Work to be completed
Repeat the entries that follow verbatim, without any of their pictures.

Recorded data
+-------+

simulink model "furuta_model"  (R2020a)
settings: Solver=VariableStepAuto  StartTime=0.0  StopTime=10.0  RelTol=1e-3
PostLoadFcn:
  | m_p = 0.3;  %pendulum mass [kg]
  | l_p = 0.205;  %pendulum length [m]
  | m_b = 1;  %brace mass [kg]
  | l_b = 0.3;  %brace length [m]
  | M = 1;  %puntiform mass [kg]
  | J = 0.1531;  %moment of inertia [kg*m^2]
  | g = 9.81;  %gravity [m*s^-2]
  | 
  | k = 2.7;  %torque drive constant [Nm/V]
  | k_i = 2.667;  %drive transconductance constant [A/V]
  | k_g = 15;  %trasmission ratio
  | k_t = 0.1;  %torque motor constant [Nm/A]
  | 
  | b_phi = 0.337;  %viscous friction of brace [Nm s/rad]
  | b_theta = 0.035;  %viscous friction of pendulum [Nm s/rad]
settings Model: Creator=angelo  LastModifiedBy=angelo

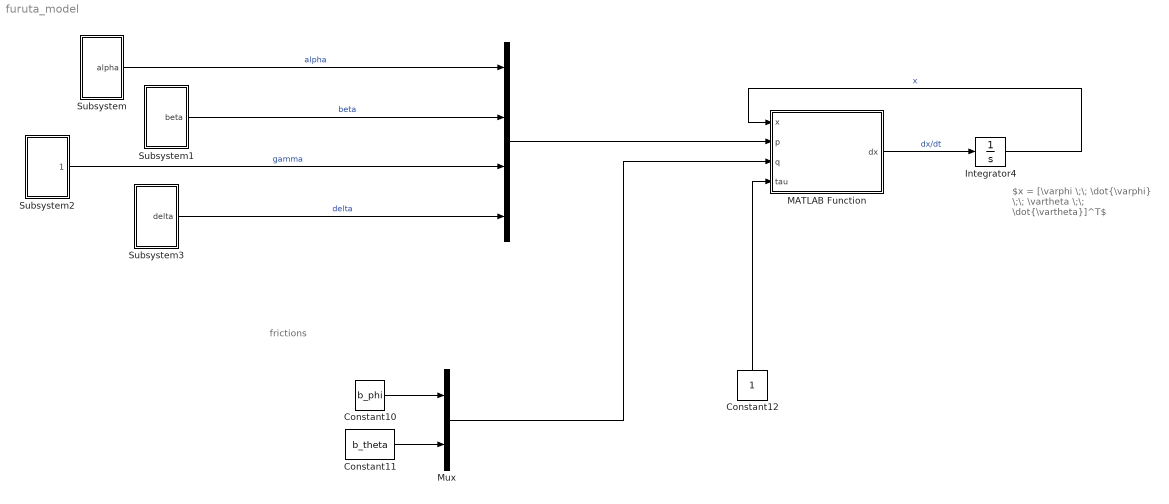
== system furuta_model ==
  note: frictions
  note: $x = [\varphi \;\; \dot{\varphi} \;\; \vartheta \;\; \dot{\vartheta}]^T$
  " " : Mux
  Constant10 : Constant  Value=b_phi
  Constant11 : Constant  Value=b_theta
  Constant12 : Constant
  Integrator4 : Integrator
  MATLAB Function : MATLAB Function  TreatAsAtomicUnit=on
  Mux : Mux  Inputs=2
  Subsystem : Subsystem
  Subsystem1 : Subsystem
  Subsystem2 : Subsystem
  Subsystem3 : Subsystem
  wires:
  " "/1 -> MATLAB Function/2(p)
  Constant10/1 -> Mux/1
  Constant11/1 -> Mux/2
  Mux/1 -> MATLAB Function/3(q)
  Constant12/1 -> MATLAB Function/4(tau)
  MATLAB Function/1(dx) -> Integrator4/1  "dx/dt"
  Integrator4/1 -> MATLAB Function/1(x)  "x"
  Subsystem/1(alpha) -> " "/1  "alpha"
  Subsystem1/1(beta) -> " "/2  "beta"
  Subsystem2/1(gamma) -> " "/3  "gamma"
  Subsystem3/1(delta) -> " "/4  "delta"

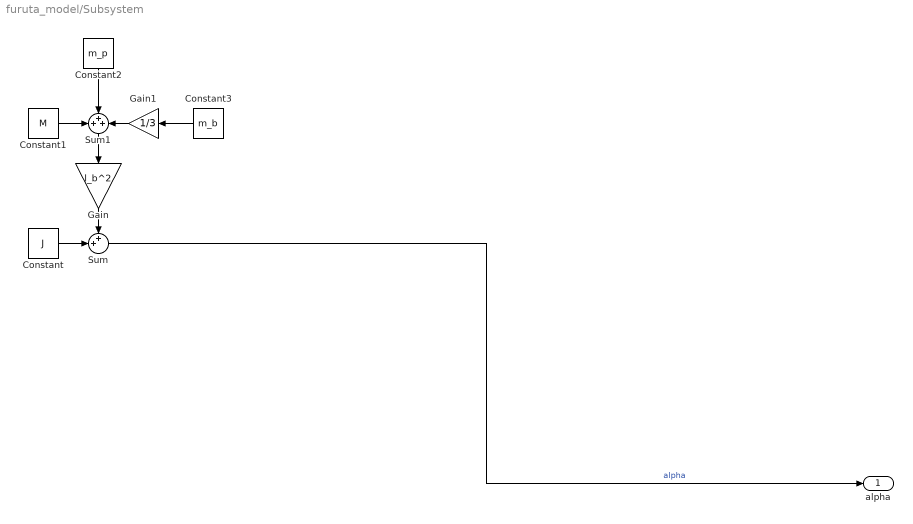
== system furuta_model/Subsystem ==
  Constant : Constant  Value=J
  Constant1 : Constant  Value=M
  Constant2 : Constant  Value=m_p
  Constant3 : Constant  Value=m_b
  Gain : Gain  Gain=l_b^2
  Gain1 : Gain  Gain=1/3
  Sum : Sum  Inputs=++|
  Sum1 : Sum  Inputs=+++
  alpha : Outport
  wires:
  Constant1/1 -> Sum1/1
  Constant2/1 -> Sum1/2
  Gain1/1 -> Sum1/3
  Sum1/1 -> Gain/1
  Sum/1 -> alpha/1  "alpha"
  Constant/1 -> Sum/2
  Constant3/1 -> Gain1/1
  Gain/1 -> Sum/1

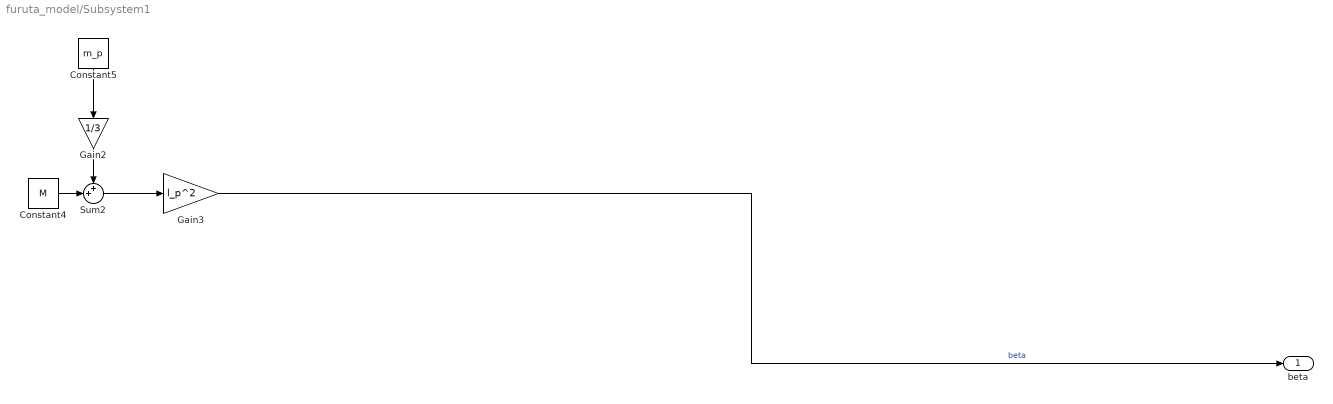
== system furuta_model/Subsystem1 ==
  Constant4 : Constant  Value=M
  Constant5 : Constant  Value=m_p
  Gain2 : Gain  Gain=1/3
  Gain3 : Gain  Gain=l_p^2
  Sum2 : Sum  Inputs=++|
  beta : Outport
  wires:
  Constant5/1 -> Gain2/1
  Gain3/1 -> beta/1  "beta"
  Sum2/1 -> Gain3/1
  Constant4/1 -> Sum2/2
  Gain2/1 -> Sum2/1

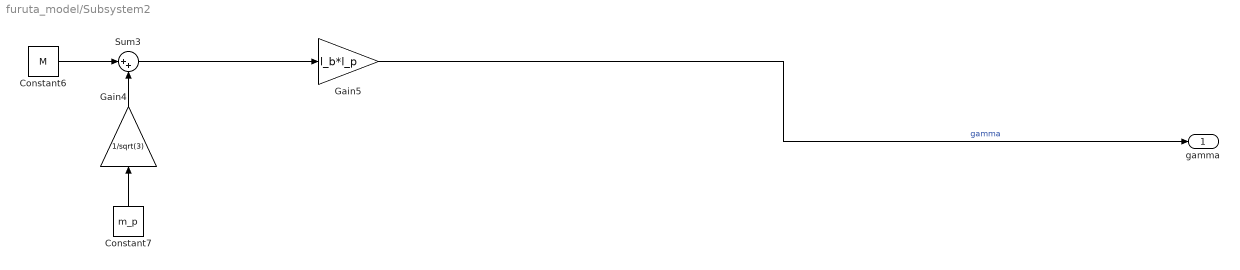
== system furuta_model/Subsystem2 ==
  Constant6 : Constant  Value=M
  Constant7 : Constant  Value=m_p
  Gain4 : Gain  Gain=1/sqrt(3)
  Gain5 : Gain  Gain=l_b*l_p
  Sum3 : Sum  Inputs=|++
  gamma : Outport
  wires:
  Constant6/1 -> Sum3/1
  Gain5/1 -> gamma/1  "gamma"
  Sum3/1 -> Gain5/1
  Gain4/1 -> Sum3/2
  Constant7/1 -> Gain4/1

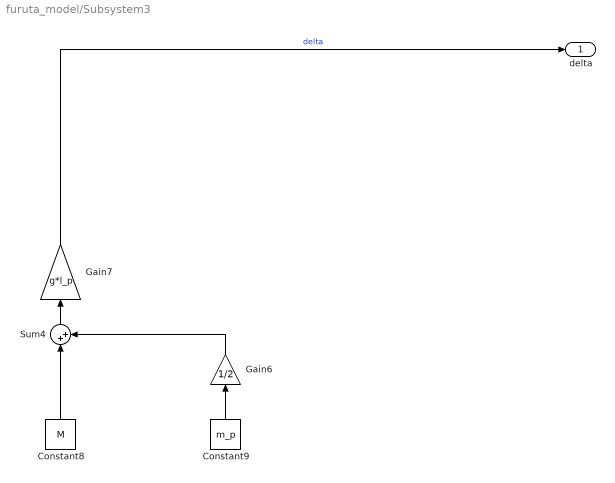
== system furuta_model/Subsystem3 ==
  Constant8 : Constant  Value=M
  Constant9 : Constant  Value=m_p
  Gain6 : Gain  Gain=1/2
  Gain7 : Gain  Gain=g*l_p
  Sum4 : Sum  Inputs=|++
  delta : Outport
  wires:
  Gain6/1 -> Sum4/2
  Gain7/1 -> delta/1  "delta"
  Sum4/1 -> Gain7/1
  Constant8/1 -> Sum4/1
  Constant9/1 -> Gain6/1

== matlab function furuta_model/MATLAB Function ==
  data: x input; dx output; p input; q input; tau input
function dx = furuta(x, p, q, tau)
% p = parameters vector
% q = frictions vector
% si sconsiglia di avere variabili globali nelle function

x = zeros(4, 1);

% parameters
alpha = p(1);
beta = p(2);
gamma = p(3);
delta = p(4);

% frictions
b_phi = q(1);
b_theta = q(2);

% state
phi = x(1);
dphi = x(2);
theta = x(3);  
dtheta = x(4);

% input
tau_phi = tau;
%tau_phi = tau(1);
%tau_theta = tau(2);

% common term for ddphi and ddtheta
t0 = 1/(beta*(alpha + beta*sin(theta)^2)-gamma^2*cos(theta)^2);

% terms of ddphi
t1 = beta*gamma*sin(theta)*dtheta^2;
t2 = gamma*delta*cos(theta)*sin(theta);
t3 = (2*beta^2*cos(theta)*sin(theta))*dphi*dtheta;
t4 = gamma*b_theta*cos(theta)*dtheta;
t5 = (beta*gamma*cos(theta)^2*sin(theta))*dphi^2;
t6 = beta*(tau_phi - b_phi*dphi);

% ddphi
ddphi = t0*(t1-t2-t3+t4+t5+t6);

% terms of ddtheta
t00 = (alpha + beta*sin(theta)^2);
t1 = t00*delta*sin(theta);
t2 = t00*(beta*cos(theta)*sin(theta)*dphi^2);
t3 = 2*beta*gamma*cos(theta)^2*sin(theta)*dphi*dtheta;
t4 = gamma^2*sin(theta)*cos(theta)*dtheta^2;
t5 = t00*b_theta*dtheta;
t6 = gamma*cos(theta)*b_theta*dphi;
t7 = gamma*cos(theta)*tau_phi;

% ddtheta
ddtheta = t0*(t1 +t2 +t3 - t4 - t5 + t6 - t7);

% output
dx = zeros(4, 1);
dx(1) = dphi;
dx(2) = ddphi;
dx(3) = dtheta;
dx(4) = ddtheta;

+-------+

Response below
simulink model "furuta_model"  (R2020a)
settings: Solver=VariableStepAuto  StartTime=0.0  StopTime=10.0  RelTol=1e-3
PostLoadFcn:
  | m_p = 0.3;  %pendulum mass [kg]
  | l_p = 0.205;  %pendulum length [m]
  | m_b = 1;  %brace mass [kg]
  | l_b = 0.3;  %brace length [m]
  | M = 1;  %puntiform mass [kg]
  | J = 0.1531;  %moment of inertia [kg*m^2]
  | g = 9.81;  %gravity [m*s^-2]
  | 
  | k = 2.7;  %torque drive constant [Nm/V]
  | k_i = 2.667;  %drive transconductance constant [A/V]
  | k_g = 15;  %trasmission ratio
  | k_t = 0.1;  %torque motor constant [Nm/A]
  | 
  | b_phi = 0.337;  %viscous friction of brace [Nm s/rad]
  | b_theta = 0.035;  %viscous friction of pendulum [Nm s/rad]
settings Model: Creator=angelo  LastModifiedBy=angelo

== system furuta_model ==
  note: frictions
  note: $x = [\varphi \;\; \dot{\varphi} \;\; \vartheta \;\; \dot{\vartheta}]^T$
  " " : Mux
  Constant10 : Constant  Value=b_phi
  Constant11 : Constant  Value=b_theta
  Constant12 : Constant
  Integrator4 : Integrator
  MATLAB Function : MATLAB Function  TreatAsAtomicUnit=on
  Mux : Mux  Inputs=2
  Subsystem : Subsystem
  Subsystem1 : Subsystem
  Subsystem2 : Subsystem
  Subsystem3 : Subsystem
  wires:
  " "/1 -> MATLAB Function/2(p)
  Constant10/1 -> Mux/1
  Constant11/1 -> Mux/2
  Mux/1 -> MATLAB Function/3(q)
  Constant12/1 -> MATLAB Function/4(tau)
  MATLAB Function/1(dx) -> Integrator4/1  "dx/dt"
  Integrator4/1 -> MATLAB Function/1(x)  "x"
  Subsystem/1(alpha) -> " "/1  "alpha"
  Subsystem1/1(beta) -> " "/2  "beta"
  Subsystem2/1(gamma) -> " "/3  "gamma"
  Subsystem3/1(delta) -> " "/4  "delta"

== system furuta_model/Subsystem ==
  Constant : Constant  Value=J
  Constant1 : Constant  Value=M
  Constant2 : Constant  Value=m_p
  Constant3 : Constant  Value=m_b
  Gain : Gain  Gain=l_b^2
  Gain1 : Gain  Gain=1/3
  Sum : Sum  Inputs=++|
  Sum1 : Sum  Inputs=+++
  alpha : Outport
  wires:
  Constant1/1 -> Sum1/1
  Constant2/1 -> Sum1/2
  Gain1/1 -> Sum1/3
  Sum1/1 -> Gain/1
  Sum/1 -> alpha/1  "alpha"
  Constant/1 -> Sum/2
  Constant3/1 -> Gain1/1
  Gain/1 -> Sum/1

== system furuta_model/Subsystem1 ==
  Constant4 : Constant  Value=M
  Constant5 : Constant  Value=m_p
  Gain2 : Gain  Gain=1/3
  Gain3 : Gain  Gain=l_p^2
  Sum2 : Sum  Inputs=++|
  beta : Outport
  wires:
  Constant5/1 -> Gain2/1
  Gain3/1 -> beta/1  "beta"
  Sum2/1 -> Gain3/1
  Constant4/1 -> Sum2/2
  Gain2/1 -> Sum2/1

== system furuta_model/Subsystem2 ==
  Constant6 : Constant  Value=M
  Constant7 : Constant  Value=m_p
  Gain4 : Gain  Gain=1/sqrt(3)
  Gain5 : Gain  Gain=l_b*l_p
  Sum3 : Sum  Inputs=|++
  gamma : Outport
  wires:
  Constant6/1 -> Sum3/1
  Gain5/1 -> gamma/1  "gamma"
  Sum3/1 -> Gain5/1
  Gain4/1 -> Sum3/2
  Constant7/1 -> Gain4/1

== system furuta_model/Subsystem3 ==
  Constant8 : Constant  Value=M
  Constant9 : Constant  Value=m_p
  Gain6 : Gain  Gain=1/2
  Gain7 : Gain  Gain=g*l_p
  Sum4 : Sum  Inputs=|++
  delta : Outport
  wires:
  Gain6/1 -> Sum4/2
  Gain7/1 -> delta/1  "delta"
  Sum4/1 -> Gain7/1
  Constant8/1 -> Sum4/1
  Constant9/1 -> Gain6/1

== matlab function furuta_model/MATLAB Function ==
  data: x input; dx output; p input; q input; tau input
function dx = furuta(x, p, q, tau)
% p = parameters vector
% q = frictions vector
% si sconsiglia di avere variabili globali nelle function

x = zeros(4, 1);

% parameters
alpha = p(1);
beta = p(2);
gamma = p(3);
delta = p(4);

% frictions
b_phi = q(1);
b_theta = q(2);

% state
phi = x(1);
dphi = x(2);
theta = x(3);  
dtheta = x(4);

% input
tau_phi = tau;
%tau_phi = tau(1);
%tau_theta = tau(2);

% common term for ddphi and ddtheta
t0 = 1/(beta*(alpha + beta*sin(theta)^2)-gamma^2*cos(theta)^2);

% terms of ddphi
t1 = beta*gamma*sin(theta)*dtheta^2;
t2 = gamma*delta*cos(theta)*sin(theta);
t3 = (2*beta^2*cos(theta)*sin(theta))*dphi*dtheta;
t4 = gamma*b_theta*cos(theta)*dtheta;
t5 = (beta*gamma*cos(theta)^2*sin(theta))*dphi^2;
t6 = beta*(tau_phi - b_phi*dphi);

% ddphi
ddphi = t0*(t1-t2-t3+t4+t5+t6);

% terms of ddtheta
t00 = (alpha + beta*sin(theta)^2);
t1 = t00*delta*sin(theta);
t2 = t00*(beta*cos(theta)*sin(theta)*dphi^2);
t3 = 2*beta*gamma*cos(theta)^2*sin(theta)*dphi*dtheta;
t4 = gamma^2*sin(theta)*cos(theta)*dtheta^2;
t5 = t00*b_theta*dtheta;
t6 = gamma*cos(theta)*b_theta*dphi;
t7 = gamma*cos(theta)*tau_phi;

% ddtheta
ddtheta = t0*(t1 +t2 +t3 - t4 - t5 + t6 - t7);

% output
dx = zeros(4, 1);
dx(1) = dphi;
dx(2) = ddphi;
dx(3) = dtheta;
dx(4) = ddtheta;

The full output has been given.